- [Assignment]: Leaving the pictures aside, repeat each line below exactly.
-.-.-
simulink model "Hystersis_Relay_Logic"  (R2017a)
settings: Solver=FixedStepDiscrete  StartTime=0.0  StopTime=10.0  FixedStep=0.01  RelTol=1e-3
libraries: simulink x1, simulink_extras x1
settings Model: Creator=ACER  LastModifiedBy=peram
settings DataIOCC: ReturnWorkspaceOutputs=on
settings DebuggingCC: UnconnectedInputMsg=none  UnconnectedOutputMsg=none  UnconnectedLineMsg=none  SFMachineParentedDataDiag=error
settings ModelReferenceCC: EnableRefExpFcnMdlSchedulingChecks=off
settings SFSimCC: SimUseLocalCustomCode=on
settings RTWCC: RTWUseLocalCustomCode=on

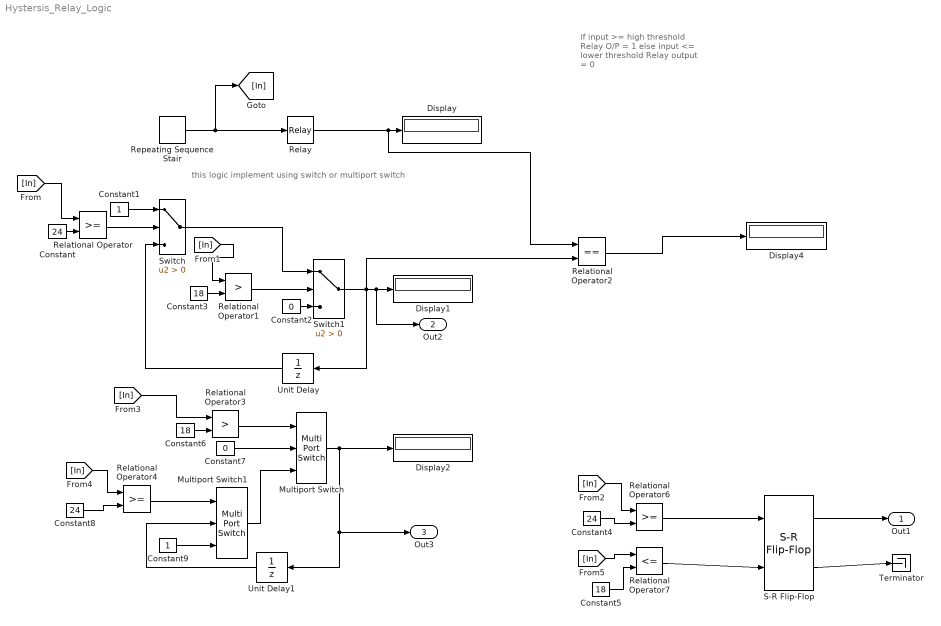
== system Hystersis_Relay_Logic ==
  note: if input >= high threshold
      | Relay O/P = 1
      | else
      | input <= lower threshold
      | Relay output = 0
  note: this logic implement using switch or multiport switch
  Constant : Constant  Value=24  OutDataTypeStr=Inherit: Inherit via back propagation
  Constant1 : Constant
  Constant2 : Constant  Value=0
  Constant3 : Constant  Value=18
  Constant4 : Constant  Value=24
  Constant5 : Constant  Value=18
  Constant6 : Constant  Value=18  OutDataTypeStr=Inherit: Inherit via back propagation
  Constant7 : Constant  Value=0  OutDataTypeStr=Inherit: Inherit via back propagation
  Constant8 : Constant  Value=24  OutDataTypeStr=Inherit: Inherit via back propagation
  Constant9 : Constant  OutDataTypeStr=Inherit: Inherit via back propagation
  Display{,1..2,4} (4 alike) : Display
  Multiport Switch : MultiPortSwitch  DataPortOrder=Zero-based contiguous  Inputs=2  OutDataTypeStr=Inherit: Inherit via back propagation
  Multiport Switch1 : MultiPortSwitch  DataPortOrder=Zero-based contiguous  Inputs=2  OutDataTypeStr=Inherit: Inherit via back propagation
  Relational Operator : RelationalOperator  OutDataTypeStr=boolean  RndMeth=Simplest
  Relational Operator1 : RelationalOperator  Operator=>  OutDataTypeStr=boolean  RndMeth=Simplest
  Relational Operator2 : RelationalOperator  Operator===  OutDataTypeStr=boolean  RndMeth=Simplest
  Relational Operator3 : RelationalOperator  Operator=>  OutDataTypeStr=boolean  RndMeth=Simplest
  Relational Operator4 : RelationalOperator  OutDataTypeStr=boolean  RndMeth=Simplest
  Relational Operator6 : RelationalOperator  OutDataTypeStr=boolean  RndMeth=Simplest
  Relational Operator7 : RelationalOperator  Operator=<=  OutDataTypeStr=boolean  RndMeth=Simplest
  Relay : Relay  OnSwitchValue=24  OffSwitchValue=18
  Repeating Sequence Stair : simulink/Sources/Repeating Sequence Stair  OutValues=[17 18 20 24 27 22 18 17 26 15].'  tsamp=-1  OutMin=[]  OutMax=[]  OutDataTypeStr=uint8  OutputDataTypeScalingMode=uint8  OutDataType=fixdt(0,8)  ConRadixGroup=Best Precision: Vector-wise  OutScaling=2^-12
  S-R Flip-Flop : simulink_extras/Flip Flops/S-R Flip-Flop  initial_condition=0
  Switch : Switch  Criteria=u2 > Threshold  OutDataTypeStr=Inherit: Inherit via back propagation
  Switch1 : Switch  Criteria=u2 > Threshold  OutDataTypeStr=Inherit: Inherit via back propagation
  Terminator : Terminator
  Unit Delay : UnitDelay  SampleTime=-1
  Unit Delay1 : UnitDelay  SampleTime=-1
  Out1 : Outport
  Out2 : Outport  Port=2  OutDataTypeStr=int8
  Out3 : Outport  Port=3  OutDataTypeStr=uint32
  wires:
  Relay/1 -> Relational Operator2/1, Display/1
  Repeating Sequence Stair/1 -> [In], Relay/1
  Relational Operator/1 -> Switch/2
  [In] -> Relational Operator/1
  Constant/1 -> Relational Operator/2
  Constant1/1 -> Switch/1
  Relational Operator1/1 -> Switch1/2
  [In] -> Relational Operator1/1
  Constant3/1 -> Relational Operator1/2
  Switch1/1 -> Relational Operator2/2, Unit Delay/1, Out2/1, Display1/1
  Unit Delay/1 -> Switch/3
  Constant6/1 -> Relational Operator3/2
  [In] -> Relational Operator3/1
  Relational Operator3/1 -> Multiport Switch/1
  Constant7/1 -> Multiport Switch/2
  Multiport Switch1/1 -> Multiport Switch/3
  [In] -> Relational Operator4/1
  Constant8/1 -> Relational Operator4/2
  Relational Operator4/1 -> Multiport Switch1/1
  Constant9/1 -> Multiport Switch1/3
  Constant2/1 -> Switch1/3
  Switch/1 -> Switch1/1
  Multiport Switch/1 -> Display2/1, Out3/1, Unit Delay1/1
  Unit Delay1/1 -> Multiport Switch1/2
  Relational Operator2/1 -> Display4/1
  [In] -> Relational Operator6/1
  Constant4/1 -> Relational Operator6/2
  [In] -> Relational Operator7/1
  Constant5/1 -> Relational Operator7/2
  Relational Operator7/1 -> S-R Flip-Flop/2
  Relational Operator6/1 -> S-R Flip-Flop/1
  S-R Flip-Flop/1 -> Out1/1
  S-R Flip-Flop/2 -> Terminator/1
-.-.-
- [Written solution]:
simulink model "Hystersis_Relay_Logic"  (R2017a)
settings: Solver=FixedStepDiscrete  StartTime=0.0  StopTime=10.0  FixedStep=0.01  RelTol=1e-3
libraries: simulink x1, simulink_extras x1
settings Model: Creator=ACER  LastModifiedBy=peram
settings DataIOCC: ReturnWorkspaceOutputs=on
settings DebuggingCC: UnconnectedInputMsg=none  UnconnectedOutputMsg=none  UnconnectedLineMsg=none  SFMachineParentedDataDiag=error
settings ModelReferenceCC: EnableRefExpFcnMdlSchedulingChecks=off
settings SFSimCC: SimUseLocalCustomCode=on
settings RTWCC: RTWUseLocalCustomCode=on

== system Hystersis_Relay_Logic ==
  note: if input >= high threshold
      | Relay O/P = 1
      | else
      | input <= lower threshold
      | Relay output = 0
  note: this logic implement using switch or multiport switch
  Constant : Constant  Value=24  OutDataTypeStr=Inherit: Inherit via back propagation
  Constant1 : Constant
  Constant2 : Constant  Value=0
  Constant3 : Constant  Value=18
  Constant4 : Constant  Value=24
  Constant5 : Constant  Value=18
  Constant6 : Constant  Value=18  OutDataTypeStr=Inherit: Inherit via back propagation
  Constant7 : Constant  Value=0  OutDataTypeStr=Inherit: Inherit via back propagation
  Constant8 : Constant  Value=24  OutDataTypeStr=Inherit: Inherit via back propagation
  Constant9 : Constant  OutDataTypeStr=Inherit: Inherit via back propagation
  Display{,1..2,4} (4 alike) : Display
  Multiport Switch : MultiPortSwitch  DataPortOrder=Zero-based contiguous  Inputs=2  OutDataTypeStr=Inherit: Inherit via back propagation
  Multiport Switch1 : MultiPortSwitch  DataPortOrder=Zero-based contiguous  Inputs=2  OutDataTypeStr=Inherit: Inherit via back propagation
  Relational Operator : RelationalOperator  OutDataTypeStr=boolean  RndMeth=Simplest
  Relational Operator1 : RelationalOperator  Operator=>  OutDataTypeStr=boolean  RndMeth=Simplest
  Relational Operator2 : RelationalOperator  Operator===  OutDataTypeStr=boolean  RndMeth=Simplest
  Relational Operator3 : RelationalOperator  Operator=>  OutDataTypeStr=boolean  RndMeth=Simplest
  Relational Operator4 : RelationalOperator  OutDataTypeStr=boolean  RndMeth=Simplest
  Relational Operator6 : RelationalOperator  OutDataTypeStr=boolean  RndMeth=Simplest
  Relational Operator7 : RelationalOperator  Operator=<=  OutDataTypeStr=boolean  RndMeth=Simplest
  Relay : Relay  OnSwitchValue=24  OffSwitchValue=18
  Repeating Sequence Stair : simulink/Sources/Repeating Sequence Stair  OutValues=[17 18 20 24 27 22 18 17 26 15].'  tsamp=-1  OutMin=[]  OutMax=[]  OutDataTypeStr=uint8  OutputDataTypeScalingMode=uint8  OutDataType=fixdt(0,8)  ConRadixGroup=Best Precision: Vector-wise  OutScaling=2^-12
  S-R Flip-Flop : simulink_extras/Flip Flops/S-R Flip-Flop  initial_condition=0
  Switch : Switch  Criteria=u2 > Threshold  OutDataTypeStr=Inherit: Inherit via back propagation
  Switch1 : Switch  Criteria=u2 > Threshold  OutDataTypeStr=Inherit: Inherit via back propagation
  Terminator : Terminator
  Unit Delay : UnitDelay  SampleTime=-1
  Unit Delay1 : UnitDelay  SampleTime=-1
  Out1 : Outport
  Out2 : Outport  Port=2  OutDataTypeStr=int8
  Out3 : Outport  Port=3  OutDataTypeStr=uint32
  wires:
  Relay/1 -> Relational Operator2/1, Display/1
  Repeating Sequence Stair/1 -> [In], Relay/1
  Relational Operator/1 -> Switch/2
  [In] -> Relational Operator/1
  Constant/1 -> Relational Operator/2
  Constant1/1 -> Switch/1
  Relational Operator1/1 -> Switch1/2
  [In] -> Relational Operator1/1
  Constant3/1 -> Relational Operator1/2
  Switch1/1 -> Relational Operator2/2, Unit Delay/1, Out2/1, Display1/1
  Unit Delay/1 -> Switch/3
  Constant6/1 -> Relational Operator3/2
  [In] -> Relational Operator3/1
  Relational Operator3/1 -> Multiport Switch/1
  Constant7/1 -> Multiport Switch/2
  Multiport Switch1/1 -> Multiport Switch/3
  [In] -> Relational Operator4/1
  Constant8/1 -> Relational Operator4/2
  Relational Operator4/1 -> Multiport Switch1/1
  Constant9/1 -> Multiport Switch1/3
  Constant2/1 -> Switch1/3
  Switch/1 -> Switch1/1
  Multiport Switch/1 -> Display2/1, Out3/1, Unit Delay1/1
  Unit Delay1/1 -> Multiport Switch1/2
  Relational Operator2/1 -> Display4/1
  [In] -> Relational Operator6/1
  Constant4/1 -> Relational Operator6/2
  [In] -> Relational Operator7/1
  Constant5/1 -> Relational Operator7/2
  Relational Operator7/1 -> S-R Flip-Flop/2
  Relational Operator6/1 -> S-R Flip-Flop/1
  S-R Flip-Flop/1 -> Out1/1
  S-R Flip-Flop/2 -> Terminator/1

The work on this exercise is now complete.